→ Exercise prompt:
Beginning at the top of the entries below, retype each line exactly until the line containing "pattern=[21.175771, 9.07533, -12.10044])" has been written out; include no pictures and no later lines.

##### Provided information #####

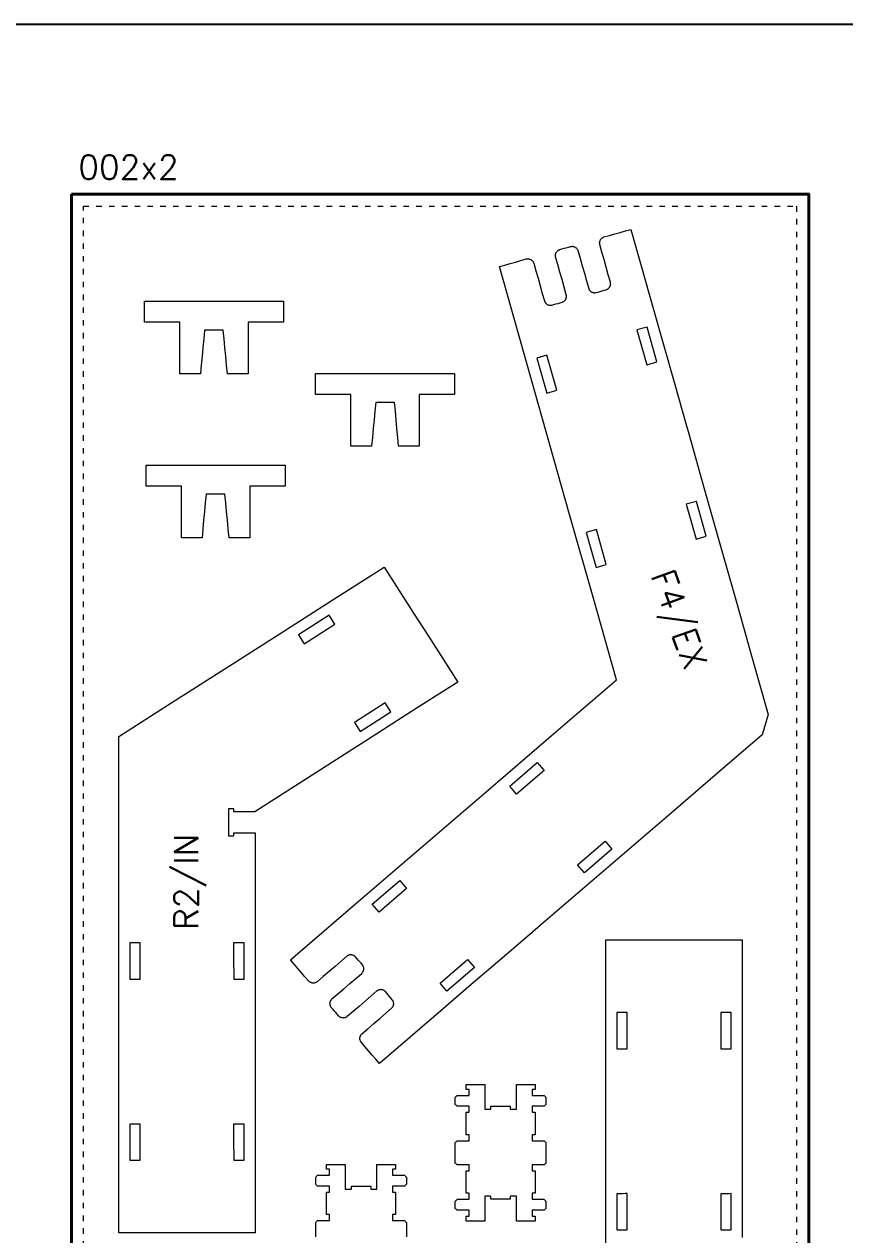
# Model space of a CAD drawing. Header units: millimetres. Extents: x 481 to 28351, y -1147 to 6765.
# Drawn here: x 4012 to 5369, y 4761 to 6765 of the extents above; entities that cross this region are included whole.
import ezdxf

# ---------------------------------------------------------------- set-up
doc = ezdxf.new("R2010")
doc.units = ezdxf.units.MM
doc.linetypes.add('DGN Style 5', pattern=[21.175771, 9.07533, -12.10044])
for name, color, linetype, lineweight in [('0_NOPRINT_TOLERANCE', 7, 'DGN Style 5', 0), ('BOARD_18MM_BIRCH-PLY', 73, 'Continuous', 40), ('CUTOUT_18MM_INSIDE', 151, 'Continuous', 0), ('CUTOUT_18MM_OUTSIDE', 201, 'Continuous', 0)]:
    doc.layers.add(name, color=color, linetype=linetype, lineweight=lineweight)
doc.layers.add('0_SHEET_BIRCHPLY_2440X1220', color=1, linetype='Continuous')
doc.layers.add('1_ANYTOOL_1MMDEEP_INSIDE', color=2, linetype='Continuous')
doc.styles.get("Standard").update_dxf_attribs({"font": 'romans.shx', "bigfont": 'hztxt.shx'})

msp = doc.modelspace()

# ---------------------------------------------------------------- linework, layer by layer
msp.add_lwpolyline([(480.7, 6764.9), (28350.7, 6764.9), (28350.7, 2878.4), (480.7, 2878.4)], close=True)
at = {"layer": '0_NOPRINT_TOLERANCE'}
msp.add_lwpolyline([(4109.7, 6463.6), (5289.7, 6463.6), (5289.7, 4063.6), (4109.7, 4063.6)], close=True, dxfattribs=at)
msp.add_lwpolyline([(4109.7, 6463.6), (5289.7, 6463.6), (5289.7, 4063.6), (4109.7, 4063.6)], close=True, dxfattribs=at)
at = {"layer": 'BOARD_18MM_BIRCH-PLY'}
msp.add_lwpolyline([(4089.7, 6483.6), (5309.7, 6483.6), (5309.7, 4043.6), (4089.7, 4043.6), (4089.7, 6483.6)], dxfattribs=at)
at = {"layer": 'CUTOUT_18MM_INSIDE'}
for points in [[(5058.5, 6205.9), (5042.1, 6263.6), (5025.3, 6258.8), (5041.6, 6201.1), (5058.5, 6205.9)], [(4893, 6159), (4876.6, 6216.7), (4859.8, 6212), (4876.1, 6154.2), (4893, 6159)], [(5140.2, 5917.1), (5123.9, 5974.9), (5107, 5970.1), (5123.4, 5912.4), (5140.2, 5917.1)], [(4974.7, 5870.4), (4958.3, 5928.1), (4941.5, 5923.3), (4957.8, 5865.6), (4974.7, 5870.4)], [(4516.1, 5786.3), (4465.5, 5754), (4474.9, 5739.3), (4525.5, 5771.6), (4516.1, 5786.3)], [(4608.6, 5641.3), (4558, 5609), (4567.5, 5594.2), (4618, 5626.5), (4608.6, 5641.3)], [(4871.9, 5529.3), (4826.4, 5490.2), (4815, 5503.5), (4860.5, 5542.6), (4871.9, 5529.3)], [(4984.1, 5398.9), (4938.6, 5359.8), (4927.2, 5373.1), (4972.7, 5412.2), (4984.1, 5398.9)], [(4644.4, 5333.8), (4598.9, 5294.7), (4587.5, 5308), (4633, 5347.1), (4644.4, 5333.8)], [(4186.1, 5184.1), (4189.5, 5184.1), (4193.1, 5184.1), (4196.7, 5184.1), (4200, 5184.1), (4203.6, 5184.1), (4203.6, 5196.1), (4203.6, 5208.1), (4203.6, 5220.1), (4203.6, 5232.1), (4203.6, 5244.1), (4200, 5244.1), (4196.7, 5244.1), (4193.1, 5244.1), (4189.5, 5244.1), (4186.1, 5244.1), (4186.1, 5232.1), (4186.1, 5220.1), (4186.1, 5208.1), (4186.1, 5196.1)], [(4358.2, 5184.1), (4361.8, 5184.1), (4365.1, 5184.1), (4368.7, 5184.1), (4372.1, 5184.1), (4375.7, 5184.1), (4375.7, 5196.1), (4375.6, 5208.1), (4375.6, 5220.1), (4375.6, 5232.1), (4375.6, 5244.1), (4372, 5244.1), (4368.7, 5244.1), (4365.1, 5244.1), (4361.7, 5244.1), (4358.1, 5244.1), (4358.1, 5232.1), (4358.1, 5220.1), (4358.1, 5208.1), (4358.2, 5196.1)], [(4756.5, 5203.4), (4711, 5164.3), (4699.6, 5177.5), (4745.1, 5216.6), (4756.5, 5203.4)], [(5009.5, 5128.9), (5005.9, 5128.9), (5002.5, 5128.8), (4998.9, 5128.8), (4995.6, 5128.8), (4992, 5128.8), (4992, 5116.8), (4992, 5104.8), (4992, 5092.8), (4992, 5080.8), (4992, 5068.8), (4995.6, 5068.8), (4999, 5068.8), (5002.6, 5068.8), (5005.9, 5068.8), (5009.5, 5068.8), (5009.5, 5080.9), (5009.5, 5092.9), (5009.5, 5104.9), (5009.5, 5116.9)], [(5181.5, 5128.9), (5178.2, 5128.8), (5174.6, 5128.8), (5171, 5128.8), (5167.6, 5128.8), (5164, 5128.8), (5164, 5116.8), (5164, 5104.8), (5164, 5092.8), (5164, 5080.8), (5164, 5068.8), (5167.6, 5068.8), (5171, 5068.8), (5174.6, 5068.8), (5178.2, 5068.8), (5181.5, 5068.8), (5181.5, 5080.9), (5181.5, 5092.9), (5181.5, 5104.9), (5181.5, 5116.9)], [(4186.1, 4884.1), (4189.5, 4884.1), (4193.1, 4884.1), (4196.7, 4884.1), (4200, 4884.1), (4203.6, 4884.1), (4203.6, 4896.1), (4203.6, 4908.1), (4203.6, 4920.1), (4203.6, 4932.1), (4203.6, 4944.1), (4200, 4944.1), (4196.7, 4944.1), (4193.1, 4944.1), (4189.5, 4944.1), (4186.1, 4944.1), (4186.1, 4932.1), (4186.1, 4920.1), (4186.1, 4908.1), (4186.1, 4896.1)], [(4358.2, 4884.1), (4361.8, 4884.1), (4365.1, 4884.1), (4368.7, 4884.1), (4372.1, 4884.1), (4375.7, 4884.1), (4375.7, 4896.1), (4375.6, 4908.1), (4375.6, 4920.1), (4375.6, 4932.1), (4375.6, 4944.1), (4372, 4944.1), (4368.7, 4944.1), (4365.1, 4944.1), (4361.7, 4944.1), (4358.1, 4944.1), (4358.1, 4932.1), (4358.1, 4920.1), (4358.1, 4908.1), (4358.2, 4896.1)], [(5009.5, 4828.9), (5005.9, 4828.9), (5002.5, 4828.8), (4998.9, 4828.8), (4995.6, 4828.8), (4992, 4828.8), (4992, 4816.8), (4992, 4804.8), (4992, 4792.8), (4992, 4780.8), (4992, 4768.8), (4995.6, 4768.8), (4999, 4768.8), (5002.6, 4768.8), (5005.9, 4768.8), (5009.5, 4768.8), (5009.5, 4780.9), (5009.5, 4792.9), (5009.5, 4804.9), (5009.5, 4816.9)], [(5181.5, 4828.9), (5178.2, 4828.8), (5174.6, 4828.8), (5171, 4828.8), (5167.6, 4828.8), (5164, 4828.8), (5164, 4816.8), (5164, 4804.8), (5164, 4792.8), (5164, 4780.8), (5164, 4768.8), (5167.6, 4768.8), (5171, 4768.8), (5174.6, 4768.8), (5178.2, 4768.8), (5181.5, 4768.8), (5181.5, 4780.9), (5181.5, 4792.9), (5181.5, 4804.9), (5181.5, 4816.9)]]:
    msp.add_lwpolyline(points, close=True, dxfattribs=at)
at = {"layer": 'CUTOUT_18MM_OUTSIDE'}
for points in [[(5232.6, 5588.4), (5159, 5525.1), (5085.8, 5462.2), (5012.6, 5399.4), (4939.4, 5336.5), (4866, 5273.4), (4852.8, 5262), (4852.8, 5262), (4801.9, 5218.4), (4751.3, 5174.9), (4700.7, 5131.4), (4650, 5087.8), (4599.4, 5044.3), (4593.4, 5051.4), (4587.4, 5058.4), (4581.3, 5065.4), (4575.3, 5072.4), (4569.3, 5079.5), (4568.9, 5080.1), (4568.5, 5080.8), (4568.1, 5081.4), (4567.8, 5082.1), (4567.4, 5082.7), (4567.3, 5083.5), (4567.2, 5084.3), (4567.1, 5085.1), (4567, 5085.9), (4566.9, 5086.7), (4567.1, 5087.5), (4567.3, 5088.3), (4567.5, 5089.1), (4567.8, 5089.8), (4568, 5090.6), (4568.5, 5091.2), (4568.9, 5091.8), (4569.4, 5092.4), (4569.9, 5093), (4570.3, 5093.6), (4580.2, 5102), (4590.1, 5110.5), (4599.9, 5119), (4609.8, 5127.4), (4619.6, 5135.9), (4620.1, 5136.5), (4620.6, 5137.1), (4621, 5137.7), (4621.5, 5138.3), (4622, 5138.8), (4622.2, 5139.6), (4622.4, 5140.4), (4622.6, 5141.2), (4622.9, 5142), (4623.1, 5142.7), (4623, 5143.5), (4622.9, 5144.3), (4622.8, 5145.2), (4622.7, 5146), (4622.6, 5146.8), (4622.2, 5147.4), (4621.8, 5148.1), (4621.4, 5148.7), (4621.1, 5149.4), (4620.7, 5150), (4618.4, 5152.7), (4616.1, 5155.3), (4613.9, 5158), (4611.6, 5160.6), (4609.3, 5163.3), (4608.7, 5163.8), (4608.1, 5164.2), (4607.5, 5164.7), (4607, 5165.2), (4606.4, 5165.6), (4605.6, 5165.8), (4604.8, 5166.1), (4604, 5166.3), (4603.3, 5166.5), (4602.5, 5166.7), (4601.7, 5166.6), (4600.9, 5166.5), (4600.1, 5166.4), (4599.3, 5166.3), (4598.5, 5166.2), (4597.8, 5165.8), (4597.2, 5165.5), (4596.5, 5165.1), (4595.9, 5164.7), (4595.2, 5164.4), (4585.3, 5155.9), (4575.5, 5147.4), (4565.6, 5138.9), (4555.8, 5130.5), (4545.9, 5122), (4545.3, 5121.6), (4544.6, 5121.2), (4544, 5120.9), (4543.3, 5120.5), (4542.7, 5120.1), (4541.8, 5120), (4541, 5119.9), (4540.2, 5119.8), (4539.4, 5119.7), (4538.6, 5119.6), (4537.8, 5119.8), (4537.1, 5120.1), (4536.3, 5120.3), (4535.5, 5120.5), (4534.7, 5120.7), (4534.1, 5121.2), (4533.6, 5121.7), (4533, 5122.1), (4532.4, 5122.6), (4531.8, 5123.1), (4529.4, 5125.9), (4527, 5128.7), (4524.6, 5131.5), (4522.2, 5134.3), (4519.7, 5137.1), (4519.4, 5137.8), (4519, 5138.4), (4518.6, 5139.1), (4518.3, 5139.7), (4517.9, 5140.4), (4517.8, 5141.2), (4517.7, 5142), (4517.6, 5142.8), (4517.5, 5143.6), (4517.4, 5144.4), (4517.6, 5145.1), (4517.8, 5145.9), (4518, 5146.7), (4518.3, 5147.5), (4518.5, 5148.3), (4518.9, 5148.9), (4519.4, 5149.4), (4519.9, 5150), (4520.3, 5150.6), (4520.8, 5151.2), (4530.7, 5159.7), (4540.5, 5168.1), (4550.4, 5176.6), (4560.3, 5185.1), (4570.1, 5193.6), (4570.6, 5194.1), (4571, 5194.7), (4571.5, 5195.3), (4572, 5195.9), (4572.5, 5196.5), (4572.7, 5197.3), (4572.9, 5198), (4573.1, 5198.8), (4573.3, 5199.6), (4573.6, 5200.4), (4573.5, 5201.2), (4573.4, 5202), (4573.3, 5202.8), (4573.2, 5203.6), (4573, 5204.4), (4572.7, 5205.1), (4572.3, 5205.7), (4571.9, 5206.4), (4571.6, 5207), (4571.2, 5207.7), (4568.9, 5210.3), (4566.6, 5213), (4564.3, 5215.6), (4562.1, 5218.3), (4559.8, 5220.9), (4559.2, 5221.4), (4558.6, 5221.9), (4558, 5222.3), (4557.4, 5222.8), (4556.8, 5223.3), (4556.1, 5223.5), (4555.3, 5223.7), (4554.5, 5223.9), (4553.7, 5224.2), (4553, 5224.4), (4552.1, 5224.3), (4551.3, 5224.2), (4550.5, 5224.1), (4549.7, 5224), (4548.9, 5223.9), (4548.3, 5223.5), (4547.6, 5223.1), (4547, 5222.7), (4546.3, 5222.4), (4545.7, 5222), (4535.8, 5213.5), (4526, 5205.1), (4516.1, 5196.6), (4506.2, 5188.1), (4496.4, 5179.6), (4495.7, 5179.3), (4495.1, 5178.9), (4494.4, 5178.5), (4493.8, 5178.2), (4493.1, 5177.8), (4492.3, 5177.7), (4491.5, 5177.6), (4490.7, 5177.5), (4489.9, 5177.4), (4489.1, 5177.3), (4488.3, 5177.5), (4487.5, 5177.7), (4486.8, 5177.9), (4486, 5178.2), (4485.2, 5178.4), (4484.6, 5178.8), (4484, 5179.3), (4483.4, 5179.8), (4482.9, 5180.2), (4482.3, 5180.7), (4476.2, 5187.7), (4470.2, 5194.7), (4464.2, 5201.7), (4458.2, 5208.8), (4452.2, 5215.8), (4560, 5308.5), (4667.9, 5401.2), (4775.8, 5493.9), (4883.7, 5586.6), (4991.6, 5679.3), (4952.9, 5816.1), (4914.1, 5953), (4875.4, 6089.9), (4836.7, 6226.7), (4797.9, 6363.6), (4806.8, 6366.1), (4815.7, 6368.6), (4824.6, 6371.2), (4833.5, 6373.7), (4842.4, 6376.2), (4843.2, 6376.3), (4843.9, 6376.3), (4844.7, 6376.4), (4845.4, 6376.5), (4846.1, 6376.5), (4846.9, 6376.3), (4847.7, 6376), (4848.5, 6375.8), (4849.2, 6375.6), (4850, 6375.3), (4850.6, 6374.8), (4851.2, 6374.2), (4851.8, 6373.7), (4852.5, 6373.2), (4853.1, 6372.7), (4853.4, 6372), (4853.7, 6371.3), (4854.1, 6370.6), (4854.4, 6370), (4854.7, 6369.3), (4858.3, 6356.8), (4861.8, 6344.3), (4865.4, 6331.8), (4868.9, 6319.3), (4872.5, 6306.8), (4872.8, 6306.1), (4873.1, 6305.4), (4873.5, 6304.7), (4873.8, 6304.1), (4874.1, 6303.4), (4874.8, 6302.9), (4875.4, 6302.3), (4876, 6301.8), (4876.6, 6301.3), (4877.2, 6300.8), (4878, 6300.5), (4878.7, 6300.3), (4879.5, 6300), (4880.3, 6299.8), (4881.1, 6299.5), (4881.8, 6299.6), (4882.6, 6299.7), (4883.3, 6299.7), (4884.1, 6299.8), (4884.8, 6299.9), (4888.2, 6300.8), (4891.5, 6301.8), (4894.9, 6302.7), (4898.3, 6303.7), (4901.6, 6304.6), (4902.3, 6305), (4903, 6305.3), (4903.7, 6305.6), (4904.3, 6306), (4905, 6306.3), (4905.5, 6306.9), (4906.1, 6307.5), (4906.6, 6308.1), (4907.1, 6308.8), (4907.6, 6309.4), (4907.9, 6310.1), (4908.1, 6310.9), (4908.4, 6311.7), (4908.6, 6312.5), (4908.9, 6313.2), (4908.8, 6314), (4908.7, 6314.7), (4908.7, 6315.5), (4908.6, 6316.2), (4908.5, 6317), (4905, 6329.5), (4901.5, 6342), (4897.9, 6354.5), (4894.4, 6367), (4890.8, 6379.5), (4890.8, 6380.3), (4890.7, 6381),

#####

→ Written solution:
# Model space of a CAD drawing. Header units: millimetres. Extents: x 481 to 28351, y -1147 to 6765.
# Drawn here: x 4012 to 5369, y 4761 to 6765 of the extents above; entities that cross this region are included whole.
import ezdxf

# ---------------------------------------------------------------- set-up
doc = ezdxf.new("R2010")
doc.units = ezdxf.units.MM
doc.linetypes.add('DGN Style 5', pattern=[21.175771, 9.07533, -12.10044])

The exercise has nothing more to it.